What the task requires | In the answer, each entry below appears exactly as given, and no picture appears at all.

Stored data |
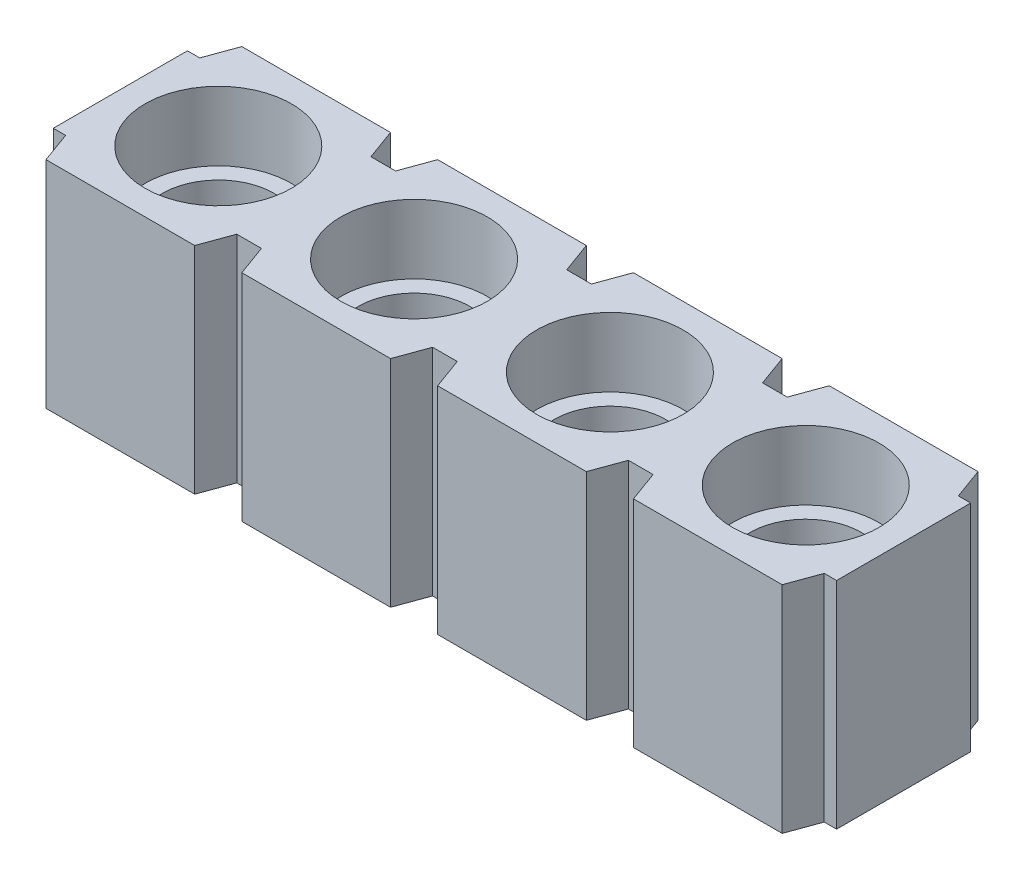
from build123d import *

# Parameters (mm, degrees)
EXTRUDE1_DEPTH    = 2.794
HOLE1_D           = 1.45034
HOLE1_CBORE_D     = 1.89992
HOLE1_CBORE_DEPTH = 0.89408
EXTRUDE2_DEPTH    = 2.794
LPATTERN1_COUNT   = 4
LPATTERN1_PITCH   = 2.54
LPATTERN2_COUNT   = 63
LPATTERN2_PITCH   = 2.54


with BuildPart() as part:
    # Sketch1 → Extrude1 (new body)
    with BuildSketch(Plane(origin=(0, 0, 0), x_dir=(1, 0, 0), z_dir=(0, 1, 0))):
        Polygon((9.854373708, 0.40005), (9.694353708, 0.40005), (9.548747416, 0), (0, 0), (-0.145606292, 0.40005), (-0.305626292, 0.40005), (-0.305626292, 2.13995), (-0.145606292, 2.13995), (0, 2.54), (9.548747416, 2.54), (9.694353708, 2.13995), (9.854373708, 2.13995), align=None)
    extrude(amount=-EXTRUDE1_DEPTH)

    # Hole1 (through all)
    with Locations(Plane(origin=(0.964373708, 0, -1.27), x_dir=(0, 0, 1), z_dir=(0, 1, 0))):
        with Locations((0, 0)):
            hole1 = CounterBoreHole(HOLE1_D / 2, HOLE1_CBORE_D / 2, HOLE1_CBORE_DEPTH)

    # Sketch4 → Extrude2 (cut)
    with BuildSketch(Plane(origin=(0, 0, 0), x_dir=(1, 0, 0), z_dir=(0, 1, 0))):
        Polygon((1.928772816, 0), (2.5399746, 0), (2.394368308, 0.40005), (2.074379108, 0.40005), align=None)
        Polygon((2.074379108, 2.13995), (2.394368308, 2.13995), (2.5399746, 2.54), (1.928772816, 2.54), align=None)
    extrude2 = extrude(amount=-EXTRUDE2_DEPTH, mode=Mode.SUBTRACT)

    # LPattern1: Hole1 ×4
    with Locations(*[(i * LPATTERN1_PITCH, 0, 0) for i in range(1, LPATTERN1_COUNT)]):
        add(hole1, mode=Mode.SUBTRACT)

    # LPattern2: Extrude2 ×63
    with Locations(*[(i * LPATTERN2_PITCH, 0, 0) for i in range(1, LPATTERN2_COUNT)]):
        add(extrude2, mode=Mode.SUBTRACT)


solid = part.part

Result for this task |
from build123d import *

# Parameters (mm, degrees)
EXTRUDE1_DEPTH    = 2.794
HOLE1_D           = 1.45034
HOLE1_CBORE_D     = 1.89992
HOLE1_CBORE_DEPTH = 0.89408
EXTRUDE2_DEPTH    = 2.794
LPATTERN1_COUNT   = 4
LPATTERN1_PITCH   = 2.54
LPATTERN2_COUNT   = 63
LPATTERN2_PITCH   = 2.54


with BuildPart() as part:
    # Sketch1 → Extrude1 (new body)
    with BuildSketch(Plane(origin=(0, 0, 0), x_dir=(1, 0, 0), z_dir=(0, 1, 0))):
        Polygon((9.854373708, 0.40005), (9.694353708, 0.40005), (9.548747416, 0), (0, 0), (-0.145606292, 0.40005), (-0.305626292, 0.40005), (-0.305626292, 2.13995), (-0.145606292, 2.13995), (0, 2.54), (9.548747416, 2.54), (9.694353708, 2.13995), (9.854373708, 2.13995), align=None)
    extrude(amount=-EXTRUDE1_DEPTH)

    # Hole1 (through all)
    with Locations(Plane(origin=(0.964373708, 0, -1.27), x_dir=(0, 0, 1), z_dir=(0, 1, 0))):
        with Locations((0, 0)):
            hole1 = CounterBoreHole(HOLE1_D / 2, HOLE1_CBORE_D / 2, HOLE1_CBORE_DEPTH)

    # Sketch4 → Extrude2 (cut)
    with BuildSketch(Plane(origin=(0, 0, 0), x_dir=(1, 0, 0), z_dir=(0, 1, 0))):
        Polygon((1.928772816, 0), (2.5399746, 0), (2.394368308, 0.40005), (2.074379108, 0.40005), align=None)
        Polygon((2.074379108, 2.13995), (2.394368308, 2.13995), (2.5399746, 2.54), (1.928772816, 2.54), align=None)
    extrude2 = extrude(amount=-EXTRUDE2_DEPTH, mode=Mode.SUBTRACT)

    # LPattern1: Hole1 ×4
    with Locations(*[(i * LPATTERN1_PITCH, 0, 0) for i in range(1, LPATTERN1_COUNT)]):
        add(hole1, mode=Mode.SUBTRACT)

    # LPattern2: Extrude2 ×63
    with Locations(*[(i * LPATTERN2_PITCH, 0, 0) for i in range(1, LPATTERN2_COUNT)]):
        add(extrude2, mode=Mode.SUBTRACT)


solid = part.part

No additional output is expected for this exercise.